Yup. Seeing all those canning jars, buckets of food, cans of ammo; gives you that warm, fuzzy feeling all over. 

Four years ago I wouldn't have been able to say that.


----------



## gypsysue (Mar 27, 2010)

:gaah: How many shopping days until TSHTF? :gaah: (just kidding)


----------



## Meerkat (May 31, 2011)

We are just learnign how to can and making mistakes but nothing too bad.I only have about 70 qt.s canned and I like knowing they are there.
I am just taking out the last of the peaches from my first hot bathing.Got 10 qt.s,did 13 qt.s of tomatos yesterday under pressure.
Yall are way ahead of us.


----------



## Turtle (Dec 10, 2009)

gypsysue said:


> :gaah: How many shopping days until TSHTF? :gaah: (just kidding)


Haha, that definitely made me smile. 

I know I am pretty far behind most of you guys, but it definitely inspirational, seeing what little I have. As the saying goes, "Nothing breeds success like success."

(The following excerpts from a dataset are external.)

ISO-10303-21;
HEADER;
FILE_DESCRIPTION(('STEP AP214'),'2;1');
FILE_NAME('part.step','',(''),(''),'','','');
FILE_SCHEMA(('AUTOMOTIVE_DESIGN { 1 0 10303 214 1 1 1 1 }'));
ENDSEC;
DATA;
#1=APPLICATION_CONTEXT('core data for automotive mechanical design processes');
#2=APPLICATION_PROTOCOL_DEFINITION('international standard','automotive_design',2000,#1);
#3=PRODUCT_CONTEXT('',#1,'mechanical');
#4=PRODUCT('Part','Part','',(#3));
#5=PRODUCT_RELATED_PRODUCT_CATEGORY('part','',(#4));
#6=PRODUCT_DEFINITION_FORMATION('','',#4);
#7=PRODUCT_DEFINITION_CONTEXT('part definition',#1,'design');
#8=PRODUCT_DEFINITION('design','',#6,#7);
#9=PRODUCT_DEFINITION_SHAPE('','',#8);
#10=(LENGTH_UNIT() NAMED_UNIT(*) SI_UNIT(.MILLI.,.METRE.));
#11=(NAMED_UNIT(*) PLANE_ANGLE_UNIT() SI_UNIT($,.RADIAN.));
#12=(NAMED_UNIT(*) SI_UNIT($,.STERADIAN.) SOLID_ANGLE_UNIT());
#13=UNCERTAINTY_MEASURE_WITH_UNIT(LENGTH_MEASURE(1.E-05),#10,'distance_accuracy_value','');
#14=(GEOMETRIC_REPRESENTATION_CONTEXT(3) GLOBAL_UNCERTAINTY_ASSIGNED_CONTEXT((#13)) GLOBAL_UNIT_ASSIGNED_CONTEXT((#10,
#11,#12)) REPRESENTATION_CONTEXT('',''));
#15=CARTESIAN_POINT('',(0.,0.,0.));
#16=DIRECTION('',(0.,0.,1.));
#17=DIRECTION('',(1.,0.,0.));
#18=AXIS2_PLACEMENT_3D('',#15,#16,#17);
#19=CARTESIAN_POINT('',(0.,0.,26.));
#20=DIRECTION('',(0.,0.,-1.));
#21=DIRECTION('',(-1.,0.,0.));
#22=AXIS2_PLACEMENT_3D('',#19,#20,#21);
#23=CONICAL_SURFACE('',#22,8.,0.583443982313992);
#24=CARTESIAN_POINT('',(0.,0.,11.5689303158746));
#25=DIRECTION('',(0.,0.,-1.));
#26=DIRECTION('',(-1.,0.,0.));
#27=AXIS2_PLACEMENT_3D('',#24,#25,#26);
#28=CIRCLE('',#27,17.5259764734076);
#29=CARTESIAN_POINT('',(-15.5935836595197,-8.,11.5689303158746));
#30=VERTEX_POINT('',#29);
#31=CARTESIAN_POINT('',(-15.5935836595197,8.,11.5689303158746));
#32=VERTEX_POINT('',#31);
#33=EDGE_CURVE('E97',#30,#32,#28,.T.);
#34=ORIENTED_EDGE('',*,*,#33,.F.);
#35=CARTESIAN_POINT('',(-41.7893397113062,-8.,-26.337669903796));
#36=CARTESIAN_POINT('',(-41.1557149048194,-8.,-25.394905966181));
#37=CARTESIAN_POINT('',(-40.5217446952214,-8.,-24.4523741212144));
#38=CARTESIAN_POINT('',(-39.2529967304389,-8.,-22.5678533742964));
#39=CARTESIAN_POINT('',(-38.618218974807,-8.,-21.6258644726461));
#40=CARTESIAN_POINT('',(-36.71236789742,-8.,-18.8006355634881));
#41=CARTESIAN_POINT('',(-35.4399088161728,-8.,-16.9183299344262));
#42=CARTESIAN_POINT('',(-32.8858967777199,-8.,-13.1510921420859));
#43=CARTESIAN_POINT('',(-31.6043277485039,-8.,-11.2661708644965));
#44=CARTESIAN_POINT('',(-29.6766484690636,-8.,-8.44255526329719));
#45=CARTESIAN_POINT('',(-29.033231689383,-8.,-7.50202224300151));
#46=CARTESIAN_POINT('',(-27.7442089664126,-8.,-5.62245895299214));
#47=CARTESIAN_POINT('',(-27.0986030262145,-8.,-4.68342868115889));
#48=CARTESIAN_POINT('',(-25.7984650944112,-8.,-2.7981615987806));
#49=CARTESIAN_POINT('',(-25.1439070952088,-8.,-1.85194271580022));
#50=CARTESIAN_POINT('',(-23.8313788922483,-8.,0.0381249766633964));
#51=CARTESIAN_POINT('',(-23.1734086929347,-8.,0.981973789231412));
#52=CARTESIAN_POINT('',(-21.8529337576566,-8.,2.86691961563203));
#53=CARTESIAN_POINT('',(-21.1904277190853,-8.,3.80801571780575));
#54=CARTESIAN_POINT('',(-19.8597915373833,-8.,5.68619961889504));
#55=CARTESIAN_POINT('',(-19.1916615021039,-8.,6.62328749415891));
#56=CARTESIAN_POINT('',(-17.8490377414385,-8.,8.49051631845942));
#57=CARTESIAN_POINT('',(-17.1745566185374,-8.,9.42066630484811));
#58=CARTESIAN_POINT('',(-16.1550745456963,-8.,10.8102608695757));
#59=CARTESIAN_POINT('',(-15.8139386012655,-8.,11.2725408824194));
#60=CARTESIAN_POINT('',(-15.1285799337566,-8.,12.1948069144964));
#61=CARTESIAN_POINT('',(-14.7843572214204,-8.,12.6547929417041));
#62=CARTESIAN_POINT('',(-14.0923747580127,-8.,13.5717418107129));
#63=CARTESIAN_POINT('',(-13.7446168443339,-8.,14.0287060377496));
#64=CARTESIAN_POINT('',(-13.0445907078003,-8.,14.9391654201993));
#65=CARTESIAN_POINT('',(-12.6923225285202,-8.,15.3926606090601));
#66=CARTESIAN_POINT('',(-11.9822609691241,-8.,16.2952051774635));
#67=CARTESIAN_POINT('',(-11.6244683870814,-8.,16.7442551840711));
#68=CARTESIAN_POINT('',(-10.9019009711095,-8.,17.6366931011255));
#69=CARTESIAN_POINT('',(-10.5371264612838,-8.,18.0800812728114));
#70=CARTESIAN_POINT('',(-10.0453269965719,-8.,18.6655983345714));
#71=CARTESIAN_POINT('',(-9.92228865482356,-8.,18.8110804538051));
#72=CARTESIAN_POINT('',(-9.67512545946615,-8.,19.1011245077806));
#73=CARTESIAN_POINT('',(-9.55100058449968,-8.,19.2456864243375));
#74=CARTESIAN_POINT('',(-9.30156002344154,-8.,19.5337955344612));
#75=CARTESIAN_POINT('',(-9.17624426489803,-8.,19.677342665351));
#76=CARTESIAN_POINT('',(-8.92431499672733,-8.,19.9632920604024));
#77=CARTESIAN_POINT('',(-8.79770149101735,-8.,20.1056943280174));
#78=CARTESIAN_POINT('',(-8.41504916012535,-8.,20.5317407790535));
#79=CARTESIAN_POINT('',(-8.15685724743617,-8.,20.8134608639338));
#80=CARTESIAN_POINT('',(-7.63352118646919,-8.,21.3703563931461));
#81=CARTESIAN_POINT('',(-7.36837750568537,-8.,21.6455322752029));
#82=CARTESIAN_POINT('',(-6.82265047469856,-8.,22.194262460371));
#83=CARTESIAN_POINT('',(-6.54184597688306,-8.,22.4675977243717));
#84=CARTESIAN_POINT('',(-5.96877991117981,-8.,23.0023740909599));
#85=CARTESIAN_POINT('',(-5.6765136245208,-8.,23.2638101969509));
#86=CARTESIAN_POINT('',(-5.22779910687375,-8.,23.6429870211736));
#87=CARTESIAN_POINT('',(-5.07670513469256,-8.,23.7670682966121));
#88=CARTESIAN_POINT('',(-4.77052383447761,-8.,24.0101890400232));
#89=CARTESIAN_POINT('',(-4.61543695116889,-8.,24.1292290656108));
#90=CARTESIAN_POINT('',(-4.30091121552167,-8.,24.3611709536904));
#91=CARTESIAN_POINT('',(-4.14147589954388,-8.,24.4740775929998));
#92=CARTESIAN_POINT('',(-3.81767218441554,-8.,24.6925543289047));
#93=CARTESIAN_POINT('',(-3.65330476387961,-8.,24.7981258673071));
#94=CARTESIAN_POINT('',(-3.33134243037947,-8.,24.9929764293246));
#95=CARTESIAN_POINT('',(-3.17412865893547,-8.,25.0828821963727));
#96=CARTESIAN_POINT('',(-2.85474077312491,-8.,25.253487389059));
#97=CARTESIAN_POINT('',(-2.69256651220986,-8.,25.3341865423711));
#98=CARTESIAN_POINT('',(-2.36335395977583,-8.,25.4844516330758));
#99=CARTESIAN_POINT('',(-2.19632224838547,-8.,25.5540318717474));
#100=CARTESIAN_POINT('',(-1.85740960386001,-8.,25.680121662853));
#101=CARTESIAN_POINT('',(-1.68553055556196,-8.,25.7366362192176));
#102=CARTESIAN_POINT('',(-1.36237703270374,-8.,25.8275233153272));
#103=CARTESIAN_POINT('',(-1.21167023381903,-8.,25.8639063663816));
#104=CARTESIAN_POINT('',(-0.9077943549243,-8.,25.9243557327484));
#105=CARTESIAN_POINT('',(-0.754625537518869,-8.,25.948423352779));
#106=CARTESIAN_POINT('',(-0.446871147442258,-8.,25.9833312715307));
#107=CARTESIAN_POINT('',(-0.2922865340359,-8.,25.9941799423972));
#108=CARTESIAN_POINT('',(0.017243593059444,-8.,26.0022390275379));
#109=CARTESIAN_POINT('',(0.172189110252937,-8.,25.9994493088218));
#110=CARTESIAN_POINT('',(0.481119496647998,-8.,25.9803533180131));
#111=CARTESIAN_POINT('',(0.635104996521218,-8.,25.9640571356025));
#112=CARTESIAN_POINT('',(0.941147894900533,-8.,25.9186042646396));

Just got word that I got awarded a performance bonus that should hit this friday... going gun and ammo shopping! :2thumb:


----------



## kyhoti (Nov 16, 2008)

I look at some shelves and smile, while I look at the empty spaces on others and sigh. My wife and I were talking about the price of food when I realized that there is something brown on our fan. When did that happen? Nonetheless, we're still pleased with our progress from two years ago when we thought we were hot stuff for having a couple of cases of bottled water and a weeks worth of supplies in a tote. Time to go plot out more raised beds


----------



## BillS (May 30, 2011)

We're about 90% done stocking up on food. We have a long way to go on some other things but I feel good that we have that much food.


----------



## goshengirl (Dec 18, 2010)

PamsPride said:


> I even love staring at pictures of other peoples home canned goods! :nuts: I know! LOL!


Whew! Glad it's not just me. 

Turtle, you have yourself a mighty fine time with that bonus. :2thumb:

kyhoti, raised beds are awesome.


----------



## Asatrur (Dec 17, 2008)

I for one love when I go shopping and see in the MS stores, large displays on canning and preserving.


----------



## JayJay (Nov 23, 2010)

survivalguy said:


> Those of us thats been doing it for a while dont you just like to go and stare at all your stuff for a while and smile. aint no buyers remorse here. the bigger it gets the bigger my smile is


I almost passed this topic--glad I didn't...I go to the bedroom(my store) and just open the door and stare at the buckets, the shelves of foods and supplies, open the closet and stare at the cases of canned veggies stacked....
Dh hugs me and says since we started acquiring a lot of provisions, he sleeps better...and that's from a couple with 7 major break downs and repairs in 10 weeks starting with the broken toes. (not even counting the repairs and break downs in the woods)
I just think the devil was trying to sway our commitment...hey, it didn't work!!! 
Even with all the break downs and repair bills--and everything isn't getting fixed!!!(gonna have to prioritize, the garage door is really getting heavier every day)--I can find a silver lining. If you can't find a positive side, you're really in trouble..I choose Joy every Morning....I have an acquaintance paralyzed neck down...I can always find a positive knowing how she has lived for the last 20 years. 
COUNT YOUR BLESSINGS, FOLKS.


----------



## gypsysue (Mar 27, 2010)

Amen, JayJay! Thanks! This is a great, uplifting thread! It's good to hang out with people with whom we can rejoice with about planning and prepping!


----------



## The_Blob (Dec 24, 2008)

gypsysue said:


> Amen, JayJay! Thanks! This is a great, uplifting thread! It's good to hang out with people with whom we can rejoice with about planning and prepping!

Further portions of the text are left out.